• Exercise brief: Locate the line that contains "Multiport Switch/1 ->" in the entries below, then repeat it and every following line through the line that contains "Gain1/1 -> Integrator/1", exactly, and no others.

• Given data:

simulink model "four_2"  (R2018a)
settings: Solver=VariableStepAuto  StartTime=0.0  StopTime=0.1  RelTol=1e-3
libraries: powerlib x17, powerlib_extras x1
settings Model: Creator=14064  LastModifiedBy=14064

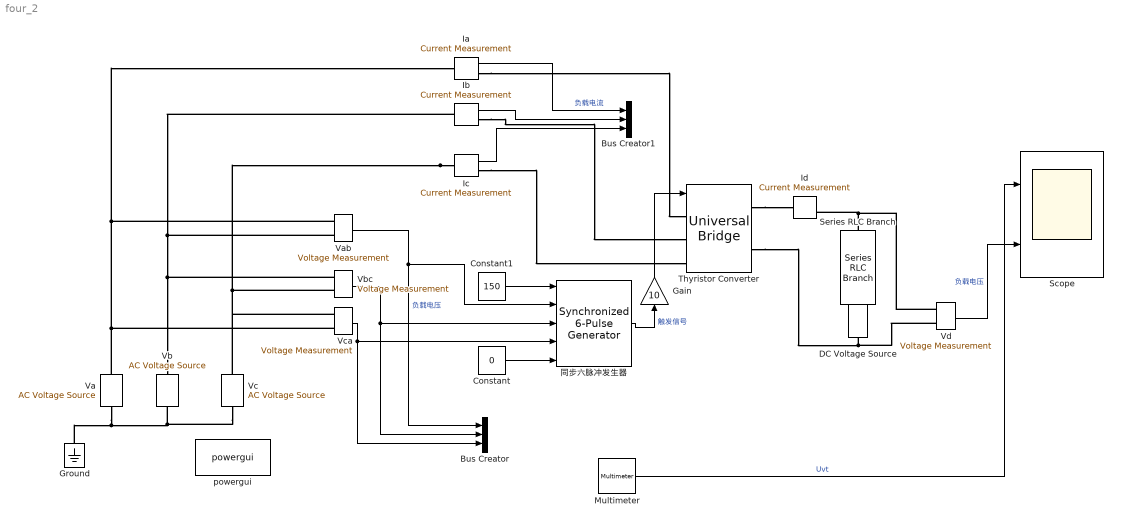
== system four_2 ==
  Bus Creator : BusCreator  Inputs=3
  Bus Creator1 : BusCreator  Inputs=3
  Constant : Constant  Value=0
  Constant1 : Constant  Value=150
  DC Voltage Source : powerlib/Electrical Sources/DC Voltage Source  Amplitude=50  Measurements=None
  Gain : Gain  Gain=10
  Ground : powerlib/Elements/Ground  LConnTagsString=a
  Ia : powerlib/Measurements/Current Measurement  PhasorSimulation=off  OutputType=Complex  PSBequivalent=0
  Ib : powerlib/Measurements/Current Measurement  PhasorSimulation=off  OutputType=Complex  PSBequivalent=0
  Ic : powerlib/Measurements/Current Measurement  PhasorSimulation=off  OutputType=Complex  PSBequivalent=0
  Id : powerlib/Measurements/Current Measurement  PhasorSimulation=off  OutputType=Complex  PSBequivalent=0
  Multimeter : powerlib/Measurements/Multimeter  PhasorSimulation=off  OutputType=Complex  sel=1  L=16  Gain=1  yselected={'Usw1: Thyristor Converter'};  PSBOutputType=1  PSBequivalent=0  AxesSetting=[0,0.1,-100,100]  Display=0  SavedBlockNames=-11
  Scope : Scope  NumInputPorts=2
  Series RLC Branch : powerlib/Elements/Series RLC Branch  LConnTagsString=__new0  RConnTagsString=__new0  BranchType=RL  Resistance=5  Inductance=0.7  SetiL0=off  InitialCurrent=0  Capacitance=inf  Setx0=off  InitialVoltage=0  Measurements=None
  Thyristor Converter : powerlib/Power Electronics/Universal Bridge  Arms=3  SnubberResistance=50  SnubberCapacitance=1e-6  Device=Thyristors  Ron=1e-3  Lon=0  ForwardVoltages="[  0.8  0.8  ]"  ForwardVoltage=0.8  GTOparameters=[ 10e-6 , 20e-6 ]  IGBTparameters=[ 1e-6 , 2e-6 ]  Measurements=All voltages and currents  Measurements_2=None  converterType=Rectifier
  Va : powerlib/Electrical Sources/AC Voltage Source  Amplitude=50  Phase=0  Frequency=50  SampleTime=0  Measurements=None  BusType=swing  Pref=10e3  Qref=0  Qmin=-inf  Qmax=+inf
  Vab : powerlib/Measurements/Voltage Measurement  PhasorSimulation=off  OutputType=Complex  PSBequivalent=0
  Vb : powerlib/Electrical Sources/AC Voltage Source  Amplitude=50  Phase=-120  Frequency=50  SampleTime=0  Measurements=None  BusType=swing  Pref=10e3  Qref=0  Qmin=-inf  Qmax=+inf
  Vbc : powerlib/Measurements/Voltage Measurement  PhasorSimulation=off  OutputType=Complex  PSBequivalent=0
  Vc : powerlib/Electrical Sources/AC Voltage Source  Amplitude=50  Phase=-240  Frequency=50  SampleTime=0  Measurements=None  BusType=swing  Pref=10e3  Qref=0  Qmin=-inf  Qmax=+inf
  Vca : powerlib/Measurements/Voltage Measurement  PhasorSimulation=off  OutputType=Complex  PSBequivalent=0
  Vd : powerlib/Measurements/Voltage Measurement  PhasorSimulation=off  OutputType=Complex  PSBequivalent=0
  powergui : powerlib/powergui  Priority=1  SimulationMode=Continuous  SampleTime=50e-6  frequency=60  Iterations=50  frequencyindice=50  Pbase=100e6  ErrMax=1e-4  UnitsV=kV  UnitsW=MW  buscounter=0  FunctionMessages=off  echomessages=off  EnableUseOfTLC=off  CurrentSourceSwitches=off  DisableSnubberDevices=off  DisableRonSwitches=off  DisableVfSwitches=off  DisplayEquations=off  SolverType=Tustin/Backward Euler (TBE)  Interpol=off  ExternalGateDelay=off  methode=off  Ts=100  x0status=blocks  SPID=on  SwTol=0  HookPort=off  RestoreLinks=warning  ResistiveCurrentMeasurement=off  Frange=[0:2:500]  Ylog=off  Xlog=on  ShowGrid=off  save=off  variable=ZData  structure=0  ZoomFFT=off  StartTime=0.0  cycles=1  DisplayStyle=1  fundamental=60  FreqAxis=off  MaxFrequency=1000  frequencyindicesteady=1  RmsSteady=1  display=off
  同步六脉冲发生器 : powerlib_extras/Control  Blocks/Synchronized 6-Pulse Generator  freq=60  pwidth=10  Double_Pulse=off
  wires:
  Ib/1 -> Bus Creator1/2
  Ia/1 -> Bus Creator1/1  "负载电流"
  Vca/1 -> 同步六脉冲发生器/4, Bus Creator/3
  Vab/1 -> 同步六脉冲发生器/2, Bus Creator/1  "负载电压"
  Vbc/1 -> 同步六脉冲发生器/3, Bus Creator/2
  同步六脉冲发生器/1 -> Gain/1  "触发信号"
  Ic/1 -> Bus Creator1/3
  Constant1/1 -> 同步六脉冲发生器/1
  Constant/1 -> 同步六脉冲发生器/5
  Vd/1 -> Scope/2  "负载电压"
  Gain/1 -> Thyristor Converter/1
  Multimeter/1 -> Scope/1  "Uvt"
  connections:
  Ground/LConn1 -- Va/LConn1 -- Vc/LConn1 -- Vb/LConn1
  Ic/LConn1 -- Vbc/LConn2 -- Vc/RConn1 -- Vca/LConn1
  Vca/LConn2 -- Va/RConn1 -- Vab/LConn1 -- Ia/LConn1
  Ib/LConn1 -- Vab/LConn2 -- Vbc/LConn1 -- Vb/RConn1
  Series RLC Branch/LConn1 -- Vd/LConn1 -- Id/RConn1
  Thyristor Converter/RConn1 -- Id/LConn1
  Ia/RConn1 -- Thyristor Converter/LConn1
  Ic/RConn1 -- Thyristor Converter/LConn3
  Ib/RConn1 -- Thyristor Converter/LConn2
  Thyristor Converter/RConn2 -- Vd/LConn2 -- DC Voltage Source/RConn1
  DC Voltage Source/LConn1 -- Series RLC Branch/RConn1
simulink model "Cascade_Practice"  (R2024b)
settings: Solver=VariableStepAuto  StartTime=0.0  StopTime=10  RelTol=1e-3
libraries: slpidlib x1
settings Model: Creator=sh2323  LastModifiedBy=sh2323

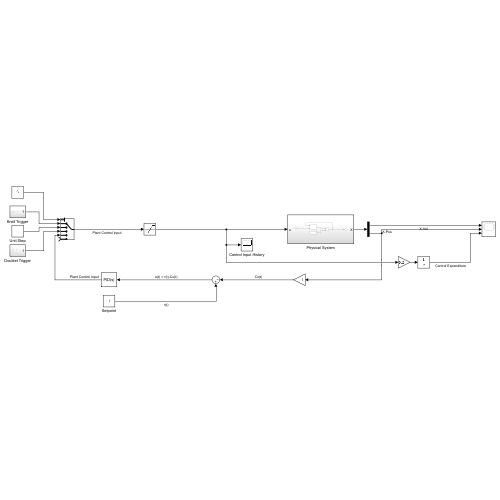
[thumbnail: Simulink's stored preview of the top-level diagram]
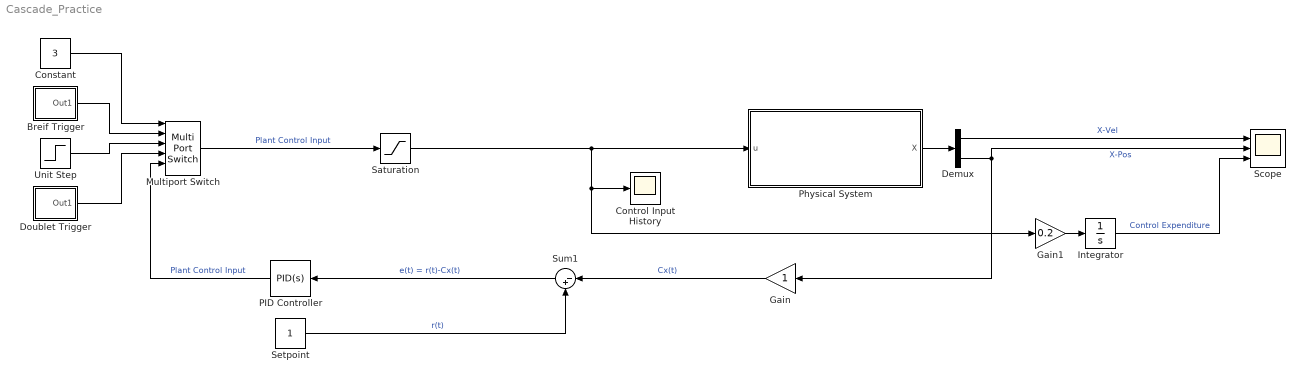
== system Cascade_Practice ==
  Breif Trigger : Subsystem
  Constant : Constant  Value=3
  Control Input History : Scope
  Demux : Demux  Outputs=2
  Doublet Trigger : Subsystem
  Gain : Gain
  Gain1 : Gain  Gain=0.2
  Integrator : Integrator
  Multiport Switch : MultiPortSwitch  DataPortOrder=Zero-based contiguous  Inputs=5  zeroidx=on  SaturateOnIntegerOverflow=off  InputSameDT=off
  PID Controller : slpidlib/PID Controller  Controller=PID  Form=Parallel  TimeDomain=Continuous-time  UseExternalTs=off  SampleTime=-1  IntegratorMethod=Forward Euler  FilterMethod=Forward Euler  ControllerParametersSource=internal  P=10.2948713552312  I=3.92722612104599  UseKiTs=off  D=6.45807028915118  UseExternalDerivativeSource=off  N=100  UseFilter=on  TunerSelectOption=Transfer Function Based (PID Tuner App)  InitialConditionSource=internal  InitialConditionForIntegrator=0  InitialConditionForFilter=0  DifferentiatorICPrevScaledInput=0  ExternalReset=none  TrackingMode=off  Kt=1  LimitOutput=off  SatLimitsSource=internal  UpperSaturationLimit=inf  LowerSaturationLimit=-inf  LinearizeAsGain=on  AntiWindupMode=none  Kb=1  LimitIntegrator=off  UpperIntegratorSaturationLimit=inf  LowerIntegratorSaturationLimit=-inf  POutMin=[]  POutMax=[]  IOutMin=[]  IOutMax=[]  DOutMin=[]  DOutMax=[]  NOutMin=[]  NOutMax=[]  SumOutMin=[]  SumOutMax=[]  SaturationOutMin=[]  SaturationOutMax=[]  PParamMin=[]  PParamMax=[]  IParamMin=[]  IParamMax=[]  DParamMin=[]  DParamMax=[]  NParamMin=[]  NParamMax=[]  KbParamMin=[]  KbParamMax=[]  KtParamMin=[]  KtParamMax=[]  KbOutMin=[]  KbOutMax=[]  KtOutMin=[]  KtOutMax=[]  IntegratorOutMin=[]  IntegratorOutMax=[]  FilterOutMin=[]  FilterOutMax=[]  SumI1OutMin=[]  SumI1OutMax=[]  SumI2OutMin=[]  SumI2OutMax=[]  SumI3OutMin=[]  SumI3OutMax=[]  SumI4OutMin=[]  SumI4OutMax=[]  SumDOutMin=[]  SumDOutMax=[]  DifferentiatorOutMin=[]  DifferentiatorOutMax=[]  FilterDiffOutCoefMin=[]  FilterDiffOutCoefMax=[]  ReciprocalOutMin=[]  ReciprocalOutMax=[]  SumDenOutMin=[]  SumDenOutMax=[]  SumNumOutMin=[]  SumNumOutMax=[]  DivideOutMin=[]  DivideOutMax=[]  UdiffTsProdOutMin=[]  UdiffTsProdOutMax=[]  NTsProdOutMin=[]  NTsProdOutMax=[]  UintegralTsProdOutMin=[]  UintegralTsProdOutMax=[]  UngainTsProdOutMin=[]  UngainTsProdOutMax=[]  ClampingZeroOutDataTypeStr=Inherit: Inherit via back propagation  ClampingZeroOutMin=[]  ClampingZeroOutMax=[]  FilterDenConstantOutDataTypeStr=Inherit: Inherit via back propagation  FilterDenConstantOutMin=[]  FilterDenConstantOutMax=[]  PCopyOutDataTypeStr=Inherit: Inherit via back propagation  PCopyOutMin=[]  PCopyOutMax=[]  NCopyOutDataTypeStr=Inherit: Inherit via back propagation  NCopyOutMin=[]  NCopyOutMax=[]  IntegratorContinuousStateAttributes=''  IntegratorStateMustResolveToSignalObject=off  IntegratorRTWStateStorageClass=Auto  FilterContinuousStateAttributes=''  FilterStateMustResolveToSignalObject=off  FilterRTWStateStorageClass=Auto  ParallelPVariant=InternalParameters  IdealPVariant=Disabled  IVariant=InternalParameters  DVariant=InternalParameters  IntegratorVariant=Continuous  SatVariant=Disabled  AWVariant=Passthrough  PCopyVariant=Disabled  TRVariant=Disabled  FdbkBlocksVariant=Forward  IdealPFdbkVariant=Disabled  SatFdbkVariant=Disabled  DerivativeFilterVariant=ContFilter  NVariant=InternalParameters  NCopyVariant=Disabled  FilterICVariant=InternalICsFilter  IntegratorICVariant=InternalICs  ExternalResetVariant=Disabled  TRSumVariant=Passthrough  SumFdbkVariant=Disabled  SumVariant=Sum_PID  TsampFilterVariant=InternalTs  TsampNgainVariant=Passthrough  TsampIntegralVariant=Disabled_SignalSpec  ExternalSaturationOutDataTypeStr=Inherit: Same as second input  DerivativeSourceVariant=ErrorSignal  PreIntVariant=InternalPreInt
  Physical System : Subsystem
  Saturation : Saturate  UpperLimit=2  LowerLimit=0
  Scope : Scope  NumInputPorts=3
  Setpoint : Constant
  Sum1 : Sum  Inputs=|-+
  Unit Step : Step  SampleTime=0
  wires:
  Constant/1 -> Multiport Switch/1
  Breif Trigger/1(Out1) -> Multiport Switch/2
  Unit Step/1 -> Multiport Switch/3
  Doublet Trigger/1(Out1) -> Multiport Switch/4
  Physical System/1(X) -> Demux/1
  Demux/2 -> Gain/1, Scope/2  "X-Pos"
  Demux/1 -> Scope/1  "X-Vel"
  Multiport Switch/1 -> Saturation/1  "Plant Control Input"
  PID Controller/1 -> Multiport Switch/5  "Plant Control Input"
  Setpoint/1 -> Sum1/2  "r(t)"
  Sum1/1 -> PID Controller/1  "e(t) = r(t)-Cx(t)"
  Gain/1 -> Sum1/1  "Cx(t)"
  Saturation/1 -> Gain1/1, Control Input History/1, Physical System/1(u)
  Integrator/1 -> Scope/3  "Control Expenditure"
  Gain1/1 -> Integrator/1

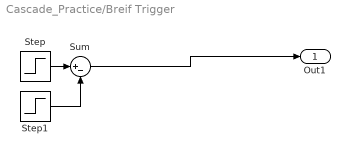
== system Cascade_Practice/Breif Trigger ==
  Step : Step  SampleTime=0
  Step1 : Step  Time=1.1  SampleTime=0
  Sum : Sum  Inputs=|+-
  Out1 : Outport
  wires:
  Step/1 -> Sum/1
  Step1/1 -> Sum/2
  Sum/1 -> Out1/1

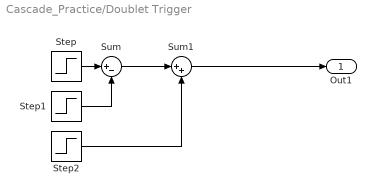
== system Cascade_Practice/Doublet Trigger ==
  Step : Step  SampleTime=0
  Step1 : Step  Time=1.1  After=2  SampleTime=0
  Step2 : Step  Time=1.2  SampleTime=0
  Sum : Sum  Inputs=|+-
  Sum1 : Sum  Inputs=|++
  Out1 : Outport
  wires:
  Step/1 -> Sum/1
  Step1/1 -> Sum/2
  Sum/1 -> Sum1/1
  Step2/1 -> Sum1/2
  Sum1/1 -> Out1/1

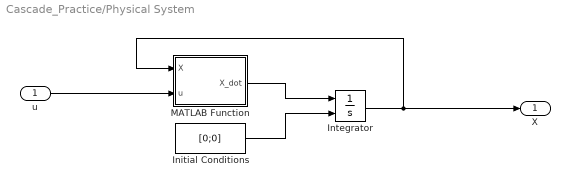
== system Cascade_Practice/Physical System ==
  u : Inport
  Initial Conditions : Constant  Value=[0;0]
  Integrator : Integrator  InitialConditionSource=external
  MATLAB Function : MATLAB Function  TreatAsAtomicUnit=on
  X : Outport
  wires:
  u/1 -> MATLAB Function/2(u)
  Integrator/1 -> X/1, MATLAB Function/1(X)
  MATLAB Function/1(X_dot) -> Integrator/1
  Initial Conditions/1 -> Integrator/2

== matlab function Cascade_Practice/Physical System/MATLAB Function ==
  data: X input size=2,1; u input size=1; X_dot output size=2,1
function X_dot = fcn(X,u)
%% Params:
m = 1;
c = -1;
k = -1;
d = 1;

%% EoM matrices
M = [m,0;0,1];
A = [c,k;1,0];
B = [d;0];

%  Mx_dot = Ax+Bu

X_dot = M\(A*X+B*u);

• Solution to this exercise:
  Multiport Switch/1 -> Saturation/1  "Plant Control Input"
  PID Controller/1 -> Multiport Switch/5  "Plant Control Input"
  Setpoint/1 -> Sum1/2  "r(t)"
  Sum1/1 -> PID Controller/1  "e(t) = r(t)-Cx(t)"
  Gain/1 -> Sum1/1  "Cx(t)"
  Saturation/1 -> Gain1/1, Control Input History/1, Physical System/1(u)
  Integrator/1 -> Scope/3  "Control Expenditure"
  Gain1/1 -> Integrator/1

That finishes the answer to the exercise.